His father, Ferdinando, was a virtuoso clarinettist; his mother, Anna Weiss,
was an accomplished pianist. They nurtured the boy’s talents so successfully
that he gave his first public concert before he was eight years old. At ten,
while on a visit to Vienna, he attracted the attention of Eduard Hanslick, the
much-feared critic of Neue Freie Presse, who foretold a brilliant future
for the young pianist. One of Busoni’s most vivid childhood memories dates from
this time. He recalled being taken to Vienna by his parents to hear Liszt play
a concert (March 16, 1877) to raise funds for the erection of a monument in
honour of Beethoven. Liszt was to play the Emperor Concerto. The boy
could not hide his disappointment at Liszt’s restrained style of playing, not
knowing that a short time earlier Liszt had accidentally cut the index finger
of his left hand while shaving. Rather than cancel the concert, Liszt decided
to play the Emperor with the notes distributed among the remaining nine
fingers. The next day Busoni was taken by his mother to play for Liszt, who,
while he was pleased with the boy’s talent, refused to write a testimonial for
him. From such unlikely beginnings, musical history was made. Liszt was central
to Busoni’s development, both as a pianist and as a composer. The shining example
of Liszt’s phenomenal career touched Busoni’s life at a hundred different points.

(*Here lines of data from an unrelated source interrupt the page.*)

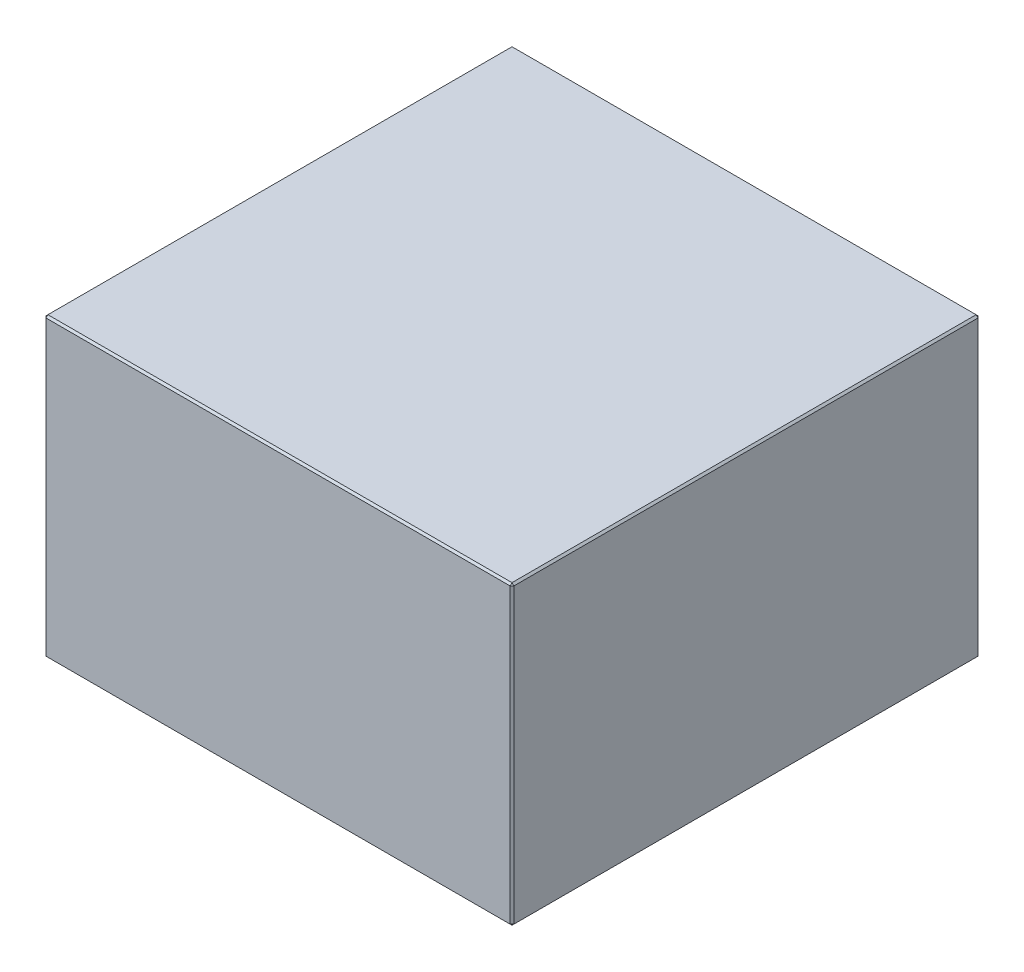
ISO-10303-21;
HEADER;
FILE_DESCRIPTION(('STEP AP214'),'2;1');
FILE_NAME('part.step','',(''),(''),'','','');
FILE_SCHEMA(('AUTOMOTIVE_DESIGN { 1 0 10303 214 1 1 1 1 }'));
ENDSEC;
DATA;
#1=APPLICATION_CONTEXT('core data for automotive mechanical design processes');
#2=APPLICATION_PROTOCOL_DEFINITION('international standard','automotive_design',2000,#1);
#3=PRODUCT_CONTEXT('',#1,'mechanical');
#4=PRODUCT('Part','Part','',(#3));
#5=PRODUCT_RELATED_PRODUCT_CATEGORY('part','',(#4));
#6=PRODUCT_DEFINITION_FORMATION('','',#4);
#7=PRODUCT_DEFINITION_CONTEXT('part definition',#1,'design');
#8=PRODUCT_DEFINITION('design','',#6,#7);
#9=PRODUCT_DEFINITION_SHAPE('','',#8);
#10=(LENGTH_UNIT() NAMED_UNIT(*) SI_UNIT(.MILLI.,.METRE.));
#11=(NAMED_UNIT(*) PLANE_ANGLE_UNIT() SI_UNIT($,.RADIAN.));
#12=(NAMED_UNIT(*) SI_UNIT($,.STERADIAN.) SOLID_ANGLE_UNIT());
#13=UNCERTAINTY_MEASURE_WITH_UNIT(LENGTH_MEASURE(1.E-05),#10,'distance_accuracy_value','');
#14=(GEOMETRIC_REPRESENTATION_CONTEXT(3) GLOBAL_UNCERTAINTY_ASSIGNED_CONTEXT((#13)) GLOBAL_UNIT_ASSIGNED_CONTEXT((#10,
#11,#12)) REPRESENTATION_CONTEXT('',''));
#15=CARTESIAN_POINT('',(0.,0.,0.));
#16=DIRECTION('',(0.,0.,1.));
#17=DIRECTION('',(1.,0.,0.));
#18=AXIS2_PLACEMENT_3D('',#15,#16,#17);
#19=CARTESIAN_POINT('',(-123.,156.,123.));
#20=DIRECTION('',(1.,0.,0.));
#21=DIRECTION('',(0.,0.,-1.));
#22=AXIS2_PLACEMENT_3D('',#19,#20,#21);
#23=PLANE('',#22);
#24=DIRECTION('',(0.,-1.,0.));
#25=VECTOR('',#24,1.);
#26=CARTESIAN_POINT('',(-123.,156.,-122.));
#27=LINE('',#26,#25);
#28=CARTESIAN_POINT('',(-123.,155.,-122.));
#29=VERTEX_POINT('',#28);
#30=CARTESIAN_POINT('',(-123.,0.999999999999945,-122.));
#31=VERTEX_POINT('',#30);
#32=EDGE_CURVE('E115',#29,#31,#27,.T.);
#33=ORIENTED_EDGE('',*,*,#32,.T.);
#34=DIRECTION('',(0.,0.,1.));
#35=VECTOR('',#34,1.);
#36=CARTESIAN_POINT('',(-123.,0.999999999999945,123.));
#37=LINE('',#36,#35);
#38=CARTESIAN_POINT('',(-123.,0.999999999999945,122.));
#39=VERTEX_POINT('',#38);
#40=EDGE_CURVE('E111',#31,#39,#37,.T.);
#41=ORIENTED_EDGE('',*,*,#40,.T.);
#42=DIRECTION('',(0.,1.,0.));
#43=VECTOR('',#42,1.);
#44=CARTESIAN_POINT('',(-123.,156.,122.));
#45=LINE('',#44,#43);
#46=CARTESIAN_POINT('',(-123.,155.,122.));
#47=VERTEX_POINT('',#46);
#48=EDGE_CURVE('E104',#39,#47,#45,.T.);
#49=ORIENTED_EDGE('',*,*,#48,.T.);
#50=DIRECTION('',(0.,0.,-1.));
#51=VECTOR('',#50,1.);
#52=CARTESIAN_POINT('',(-123.,155.,-123.));
#53=LINE('',#52,#51);
#54=EDGE_CURVE('E108',#47,#29,#53,.T.);
#55=ORIENTED_EDGE('',*,*,#54,.T.);
#56=EDGE_LOOP('',(#33,#41,#49,#55));
#57=FACE_BOUND('',#56,.T.);
#58=ADVANCED_FACE('F16',(#57),#23,.F.);
#59=CARTESIAN_POINT('',(123.,156.,123.));
#60=DIRECTION('',(0.,0.,-1.));
#61=DIRECTION('',(-1.,0.,0.));
#62=AXIS2_PLACEMENT_3D('',#59,#60,#61);
#63=PLANE('',#62);
#64=DIRECTION('',(-1.,0.,0.));
#65=VECTOR('',#64,1.);
#66=CARTESIAN_POINT('',(-123.,155.,123.));
#67=LINE('',#66,#65);
#68=CARTESIAN_POINT('',(122.,155.,123.));
#69=VERTEX_POINT('',#68);
#70=CARTESIAN_POINT('',(-122.,155.,123.));
#71=VERTEX_POINT('',#70);
#72=EDGE_CURVE('E165',#69,#71,#67,.T.);
#73=ORIENTED_EDGE('',*,*,#72,.T.);
#74=DIRECTION('',(0.,-1.,0.));
#75=VECTOR('',#74,1.);
#76=CARTESIAN_POINT('',(-122.,156.,123.));
#77=LINE('',#76,#75);
#78=CARTESIAN_POINT('',(-122.,1.,123.));
#79=VERTEX_POINT('',#78);
#80=EDGE_CURVE('E123',#71,#79,#77,.T.);
#81=ORIENTED_EDGE('',*,*,#80,.T.);
#82=DIRECTION('',(1.,0.,0.));
#83=VECTOR('',#82,1.);
#84=CARTESIAN_POINT('',(123.,1.,123.));
#85=LINE('',#84,#83);
#86=CARTESIAN_POINT('',(122.,1.,123.));
#87=VERTEX_POINT('',#86);
#88=EDGE_CURVE('E169',#79,#87,#85,.T.);
#89=ORIENTED_EDGE('',*,*,#88,.T.);
#90=DIRECTION('',(0.,1.,0.));
#91=VECTOR('',#90,1.);
#92=CARTESIAN_POINT('',(122.,156.,123.));
#93=LINE('',#92,#91);
#94=EDGE_CURVE('E167',#87,#69,#93,.T.);
#95=ORIENTED_EDGE('',*,*,#94,.T.);
#96=EDGE_LOOP('',(#73,#81,#89,#95));
#97=FACE_BOUND('',#96,.T.);
#98=ADVANCED_FACE('F276',(#97),#63,.F.);
#99=CARTESIAN_POINT('',(123.,156.,123.));
#100=DIRECTION('',(-1.,0.,0.));
#101=DIRECTION('',(0.,0.,1.));
#102=AXIS2_PLACEMENT_3D('',#99,#100,#101);
#103=PLANE('',#102);
#104=DIRECTION('',(0.,0.,-1.));
#105=VECTOR('',#104,1.);
#106=CARTESIAN_POINT('',(123.,1.,123.));
#107=LINE('',#106,#105);
#108=CARTESIAN_POINT('',(123.,1.,122.));
#109=VERTEX_POINT('',#108);
#110=CARTESIAN_POINT('',(123.,1.,-122.));
#111=VERTEX_POINT('',#110);
#112=EDGE_CURVE('E160',#109,#111,#107,.T.);
#113=ORIENTED_EDGE('',*,*,#112,.T.);
#114=DIRECTION('',(0.,1.,0.));
#115=VECTOR('',#114,1.);
#116=CARTESIAN_POINT('',(123.,156.,-122.));
#117=LINE('',#116,#115);
#118=CARTESIAN_POINT('',(123.,155.,-122.));
#119=VERTEX_POINT('',#118);
#120=EDGE_CURVE('E162',#111,#119,#117,.T.);
#121=ORIENTED_EDGE('',*,*,#120,.T.);
#122=DIRECTION('',(0.,0.,1.));
#123=VECTOR('',#122,1.);
#124=CARTESIAN_POINT('',(123.,155.,123.));
#125=LINE('',#124,#123);
#126=CARTESIAN_POINT('',(123.,155.,122.));
#127=VERTEX_POINT('',#126);
#128=EDGE_CURVE('E156',#119,#127,#125,.T.);
#129=ORIENTED_EDGE('',*,*,#128,.T.);
#130=DIRECTION('',(0.,-1.,0.));
#131=VECTOR('',#130,1.);
#132=CARTESIAN_POINT('',(123.,156.,122.));
#133=LINE('',#132,#131);
#134=EDGE_CURVE('E158',#127,#109,#133,.T.);
#135=ORIENTED_EDGE('',*,*,#134,.T.);
#136=EDGE_LOOP('',(#113,#121,#129,#135));
#137=FACE_BOUND('',#136,.T.);
#138=ADVANCED_FACE('F255',(#137),#103,.F.);
#139=CARTESIAN_POINT('',(123.,156.,-123.));
#140=DIRECTION('',(0.,0.,1.));
#141=DIRECTION('',(1.,0.,0.));
#142=AXIS2_PLACEMENT_3D('',#139,#140,#141);
#143=PLANE('',#142);
#144=DIRECTION('',(0.,-1.,0.));
#145=VECTOR('',#144,1.);
#146=CARTESIAN_POINT('',(122.,156.,-123.));
#147=LINE('',#146,#145);
#148=CARTESIAN_POINT('',(122.,155.,-123.));
#149=VERTEX_POINT('',#148);
#150=CARTESIAN_POINT('',(122.,1.,-123.));
#151=VERTEX_POINT('',#150);
#152=EDGE_CURVE('E149',#149,#151,#147,.T.);
#153=ORIENTED_EDGE('',*,*,#152,.T.);
#154=DIRECTION('',(-1.,0.,0.));
#155=VECTOR('',#154,1.);
#156=CARTESIAN_POINT('',(123.,1.,-123.));
#157=LINE('',#156,#155);
#158=CARTESIAN_POINT('',(-122.,1.,-123.));
#159=VERTEX_POINT('',#158);
#160=EDGE_CURVE('E154',#151,#159,#157,.T.);
#161=ORIENTED_EDGE('',*,*,#160,.T.);
#162=DIRECTION('',(0.,1.,0.));
#163=VECTOR('',#162,1.);
#164=CARTESIAN_POINT('',(-122.,156.,-123.));
#165=LINE('',#164,#163);
#166=CARTESIAN_POINT('',(-122.,155.,-123.));
#167=VERTEX_POINT('',#166);
#168=EDGE_CURVE('E151',#159,#167,#165,.T.);
#169=ORIENTED_EDGE('',*,*,#168,.T.);
#170=DIRECTION('',(1.,0.,0.));
#171=VECTOR('',#170,1.);
#172=CARTESIAN_POINT('',(123.,155.,-123.));
#173=LINE('',#172,#171);
#174=EDGE_CURVE('E147',#167,#149,#173,.T.);
#175=ORIENTED_EDGE('',*,*,#174,.T.);
#176=EDGE_LOOP('',(#153,#161,#169,#175));
#177=FACE_BOUND('',#176,.T.);
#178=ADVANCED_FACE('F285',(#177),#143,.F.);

He edited much of Liszt’s music, and included more of it in his public recitals
than that of any other composer, as an inspection of his printed programmes
shows. He also revived the Weimar masterclasses that Liszt had begun more than
thirty years earlier (this at the personal invitation of Liszt’s former employer,
the Grand Duke Carl Alexander). Busoni himself has told us that when he was
already thirty years old, he began the study of the piano afresh in order to
remedy what he considered to be defects in his playing. He turned to Liszt’s
music. Out of the laws that he found there, Busoni rebuilt his technique. “Gratitude
and admiration”, he wrote, “made Liszt at that time my master and my friend”.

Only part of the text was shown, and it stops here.